Advertisement

All the Facts, Navy

Share

The Navy has acknowledged that two of the 16 civilian guests aboard its attack submarine Greeneville were sitting at key control stations last Friday when the sub surfaced directly under a Japanese fishing trawler, sinking that vessel in minutes with an apparent loss of nine lives. A Navy spokesman said the civilians were closely supervised but conceded that their presence alone might have distracted crew members assigned to the control stations. The Greeneville was practicing a rapid emergency ascent when the collision occurred. Why civilians were participating at all during an inherently dangerous operation awaits explanation. The Navy also ought to release the names of the invited guests who were aboard; not to do so smacks more of protecting the Navy than of protecting the guests’ privacy.

Japanese regard the sinking of the Ehime Maru, a training vessel for a fisheries high school, as only the latest in a series of confrontations involving U.S. armed forces.

Tensions run especially high on the southern island of Okinawa, where more than half of the 48,000 U.S. personnel in Japan are stationed. Crimes by military personnel against Japanese civilians, including rapes, arson and assaults, have deepened decades-old resentments over the number of Americans there and the large amount of land they occupy for training and maneuvers. On Wednesday, Foreign Minister Yohei Kono again raised the always sensitive question of revising the Status of Forces Agreement, which governs the management of U.S. bases in Japan. Japan wants its courts to have greater jurisdiction over Americans accused of crimes against Japanese.

Advertisement

President Bush has apologized to Japanese Prime Minister Yoshiro Mori over the sinking of the Ehime Maru. Officials at Pearl Harbor have condoled with the families of the missing three crewmen, two teachers and four students, and the Navy is looking into the feasibility of recovering the boat from where it sank in 1,800 feet of water nine miles off Hawaii. The proprieties have been observed. But many questions await answers in the dual investigations being conducted by the National Transportation Safety Board (NTSB) and the Navy. Properly, criminal charges are a possibility.

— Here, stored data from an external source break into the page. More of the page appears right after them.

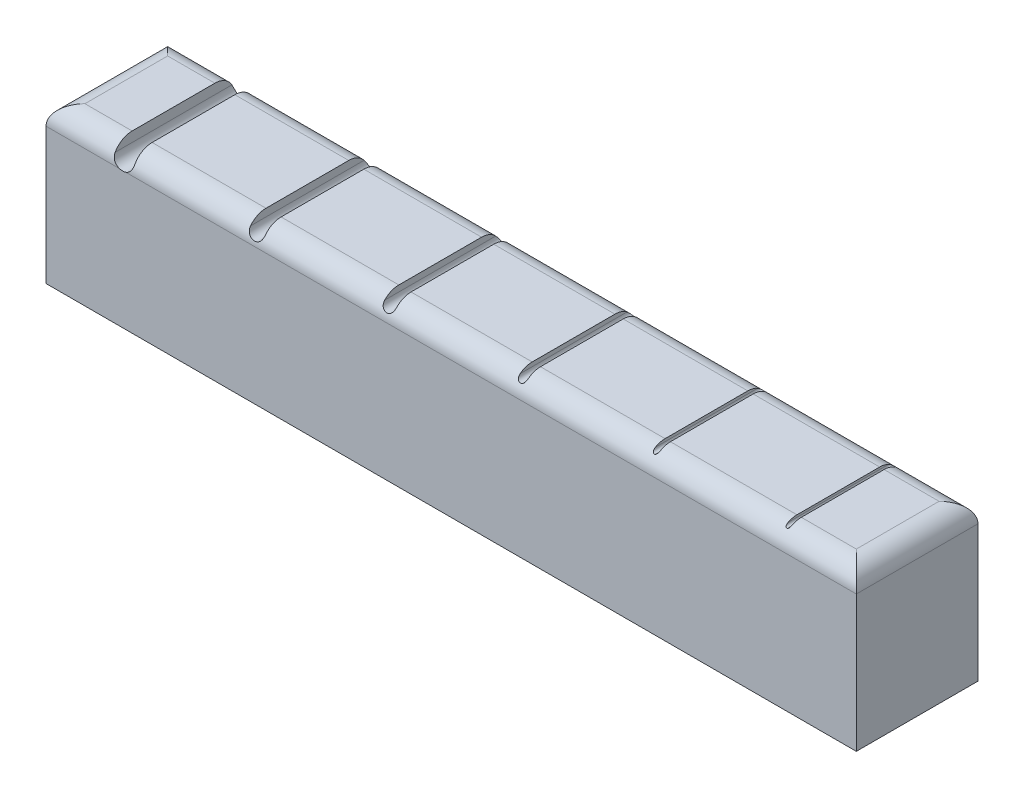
ISO-10303-21;
HEADER;
FILE_DESCRIPTION(('STEP AP214'),'2;1');
FILE_NAME('part.step','',(''),(''),'','','');
FILE_SCHEMA(('AUTOMOTIVE_DESIGN { 1 0 10303 214 1 1 1 1 }'));
ENDSEC;
DATA;
#1=APPLICATION_CONTEXT('core data for automotive mechanical design processes');
#2=APPLICATION_PROTOCOL_DEFINITION('international standard','automotive_design',2000,#1);
#3=PRODUCT_CONTEXT('',#1,'mechanical');
#4=PRODUCT('Part','Part','',(#3));
#5=PRODUCT_RELATED_PRODUCT_CATEGORY('part','',(#4));
#6=PRODUCT_DEFINITION_FORMATION('','',#4);
#7=PRODUCT_DEFINITION_CONTEXT('part definition',#1,'design');
#8=PRODUCT_DEFINITION('design','',#6,#7);
#9=PRODUCT_DEFINITION_SHAPE('','',#8);
#10=(LENGTH_UNIT() NAMED_UNIT(*) SI_UNIT(.MILLI.,.METRE.));
#11=(NAMED_UNIT(*) PLANE_ANGLE_UNIT() SI_UNIT($,.RADIAN.));
#12=(NAMED_UNIT(*) SI_UNIT($,.STERADIAN.) SOLID_ANGLE_UNIT());
#13=UNCERTAINTY_MEASURE_WITH_UNIT(LENGTH_MEASURE(1.E-05),#10,'distance_accuracy_value','');
#14=(GEOMETRIC_REPRESENTATION_CONTEXT(3) GLOBAL_UNCERTAINTY_ASSIGNED_CONTEXT((#13)) GLOBAL_UNIT_ASSIGNED_CONTEXT((#10,
#11,#12)) REPRESENTATION_CONTEXT('',''));
#15=CARTESIAN_POINT('',(0.,0.,0.));
#16=DIRECTION('',(0.,0.,1.));
#17=DIRECTION('',(1.,0.,0.));
#18=AXIS2_PLACEMENT_3D('',#15,#16,#17);
#19=CARTESIAN_POINT('',(-21.1455,8.128,3.175));
#20=DIRECTION('',(0.,-1.,0.));
#21=DIRECTION('',(0.,0.,-1.));
#22=AXIS2_PLACEMENT_3D('',#19,#20,#21);
#23=PLANE('',#22);
#24=DIRECTION('',(-1.,0.,0.));
#25=VECTOR('',#24,1.);
#26=CARTESIAN_POINT('',(-21.1455,8.128,2.159));
#27=LINE('',#26,#25);
#28=CARTESIAN_POINT('',(10.4267,8.128,2.159));
#29=VERTEX_POINT('',#28);
#30=CARTESIAN_POINT('',(17.0307,8.128,2.159));
#31=VERTEX_POINT('',#30);
#32=EDGE_CURVE('E273',#29,#31,#27,.F.);
#33=ORIENTED_EDGE('',*,*,#32,.T.);
#34=DIRECTION('',(0.,0.,1.));
#35=VECTOR('',#34,1.);
#36=CARTESIAN_POINT('',(17.0307,8.128,-3.175));
#37=LINE('',#36,#35);
#38=CARTESIAN_POINT('',(17.0307,8.128,-2.159));
#39=VERTEX_POINT('',#38);
#40=EDGE_CURVE('E266',#39,#31,#37,.T.);
#41=ORIENTED_EDGE('',*,*,#40,.F.);
#42=DIRECTION('',(-1.,0.,0.));
#43=VECTOR('',#42,1.);
#44=CARTESIAN_POINT('',(-21.1455,8.128,-2.159));
#45=LINE('',#44,#43);
#46=CARTESIAN_POINT('',(10.4267,8.128,-2.159));
#47=VERTEX_POINT('',#46);
#48=EDGE_CURVE('E62',#39,#47,#45,.T.);
#49=ORIENTED_EDGE('',*,*,#48,.T.);
#50=DIRECTION('',(0.,0.,1.));
#51=VECTOR('',#50,1.);
#52=CARTESIAN_POINT('',(10.4267,8.128,-3.175));
#53=LINE('',#52,#51);
#54=EDGE_CURVE('E561',#47,#29,#53,.T.);
#55=ORIENTED_EDGE('',*,*,#54,.T.);
#56=EDGE_LOOP('',(#33,#41,#49,#55));
#57=FACE_BOUND('',#56,.T.);
#58=ADVANCED_FACE('F39',(#57),#23,.F.);
#59=CARTESIAN_POINT('',(3.6449,8.128,2.159));
#60=VERTEX_POINT('',#59);
#61=CARTESIAN_POINT('',(10.1473,8.128,2.159));
#62=VERTEX_POINT('',#61);
#63=EDGE_CURVE('E278',#60,#62,#27,.F.);
#64=ORIENTED_EDGE('',*,*,#63,.T.);
#65=DIRECTION('',(0.,0.,1.));
#66=VECTOR('',#65,1.);
#67=CARTESIAN_POINT('',(10.1473,8.128,-3.175));
#68=LINE('',#67,#66);
#69=CARTESIAN_POINT('',(10.1473,8.128,-2.159));
#70=VERTEX_POINT('',#69);
#71=EDGE_CURVE('E313',#70,#62,#68,.T.);
#72=ORIENTED_EDGE('',*,*,#71,.F.);
#73=CARTESIAN_POINT('',(3.6449,8.128,-2.159));
#74=VERTEX_POINT('',#73);
#75=EDGE_CURVE('E593',#70,#74,#45,.T.);
#76=ORIENTED_EDGE('',*,*,#75,.T.);
#77=DIRECTION('',(0.,0.,1.));
#78=VECTOR('',#77,1.);
#79=CARTESIAN_POINT('',(3.6449,8.128,-3.175));
#80=LINE('',#79,#78);
#81=EDGE_CURVE('E316',#74,#60,#80,.T.);
#82=ORIENTED_EDGE('',*,*,#81,.T.);
#83=EDGE_LOOP('',(#64,#72,#76,#82));
#84=FACE_BOUND('',#83,.T.);
#85=ADVANCED_FACE('F312',(#84),#23,.F.);
#86=CARTESIAN_POINT('',(-3.1115,8.128,2.159));
#87=VERTEX_POINT('',#86);
#88=CARTESIAN_POINT('',(3.2131,8.128,2.159));
#89=VERTEX_POINT('',#88);
#90=EDGE_CURVE('E297',#87,#89,#27,.F.);
#91=ORIENTED_EDGE('',*,*,#90,.T.);
#92=DIRECTION('',(0.,0.,1.));
#93=VECTOR('',#92,1.);
#94=CARTESIAN_POINT('',(3.2131,8.128,-3.175));
#95=LINE('',#94,#93);
#96=CARTESIAN_POINT('',(3.2131,8.128,-2.159));
#97=VERTEX_POINT('',#96);
#98=EDGE_CURVE('E956',#97,#89,#95,.T.);
#99=ORIENTED_EDGE('',*,*,#98,.F.);
#100=CARTESIAN_POINT('',(-3.1115,8.128,-2.159));
#101=VERTEX_POINT('',#100);
#102=EDGE_CURVE('E595',#97,#101,#45,.T.);
#103=ORIENTED_EDGE('',*,*,#102,.T.);
#104=DIRECTION('',(0.,0.,1.));
#105=VECTOR('',#104,1.);
#106=CARTESIAN_POINT('',(-3.1115,8.128,-3.175));
#107=LINE('',#106,#105);
#108=EDGE_CURVE('E445',#101,#87,#107,.T.);
#109=ORIENTED_EDGE('',*,*,#108,.T.);
#110=EDGE_LOOP('',(#91,#99,#103,#109));
#111=FACE_BOUND('',#110,.T.);
#112=ADVANCED_FACE('F559',(#111),#23,.F.);
#113=CARTESIAN_POINT('',(-9.8933,8.128,2.159));
#114=VERTEX_POINT('',#113);
#115=CARTESIAN_POINT('',(-3.7465,8.128,2.159));
#116=VERTEX_POINT('',#115);
#117=EDGE_CURVE('E291',#114,#116,#27,.F.);
#118=ORIENTED_EDGE('',*,*,#117,.T.);
#119=DIRECTION('',(0.,0.,1.));
#120=VECTOR('',#119,1.);
#121=CARTESIAN_POINT('',(-3.7465,8.128,-3.175));
#122=LINE('',#121,#120);
#123=CARTESIAN_POINT('',(-3.7465,8.128,-2.159));
#124=VERTEX_POINT('',#123);
#125=EDGE_CURVE('E443',#124,#116,#122,.T.);
#126=ORIENTED_EDGE('',*,*,#125,.F.);
#127=CARTESIAN_POINT('',(-9.8933,8.128,-2.159));
#128=VERTEX_POINT('',#127);
#129=EDGE_CURVE('E597',#124,#128,#45,.T.);
#130=ORIENTED_EDGE('',*,*,#129,.T.);
#131=DIRECTION('',(0.,0.,1.));
#132=VECTOR('',#131,1.);
#133=CARTESIAN_POINT('',(-9.8933,8.128,-3.175));
#134=LINE('',#133,#132);
#135=EDGE_CURVE('E950',#128,#114,#134,.T.);
#136=ORIENTED_EDGE('',*,*,#135,.T.);
#137=EDGE_LOOP('',(#118,#126,#130,#136));
#138=FACE_BOUND('',#137,.T.);
#139=ADVANCED_FACE('F852',(#138),#23,.F.);
#140=CARTESIAN_POINT('',(-16.6243,8.128,2.159));
#141=VERTEX_POINT('',#140);
#142=CARTESIAN_POINT('',(-10.6807,8.128,2.159));
#143=VERTEX_POINT('',#142);
#144=EDGE_CURVE('E285',#141,#143,#27,.F.);
#145=ORIENTED_EDGE('',*,*,#144,.T.);
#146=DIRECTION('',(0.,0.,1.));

Of key importance is how much time elapsed between the submarine’s 360-degree periscope scan to make sure no ships were near where it would break the surface and its actual ascent. Also to be explained is what sonar the Greeneville used. In 1989, after investigating an accident involving a submarine and a civilian tug in the San Pedro Channel, the NTSB recommended that subs operating in American coastal waters use both active sonar, which bounces signals off other vessels, and passive sonar, which simply listens for sounds from other vessels. The Navy, which prefers to avoid active radar because it can reveal a sub’s position, refused to adopt the recommendation. Such thinking may be wise when operating in a hostile environment, but it seems a foolish limitation when a submarine is conducting drills in coastal waters.

The Greeneville obviously had no idea the boat lay in its path as it shot to the surface. But it should have known, and the investigators’ responsibility is to find out why it didn’t.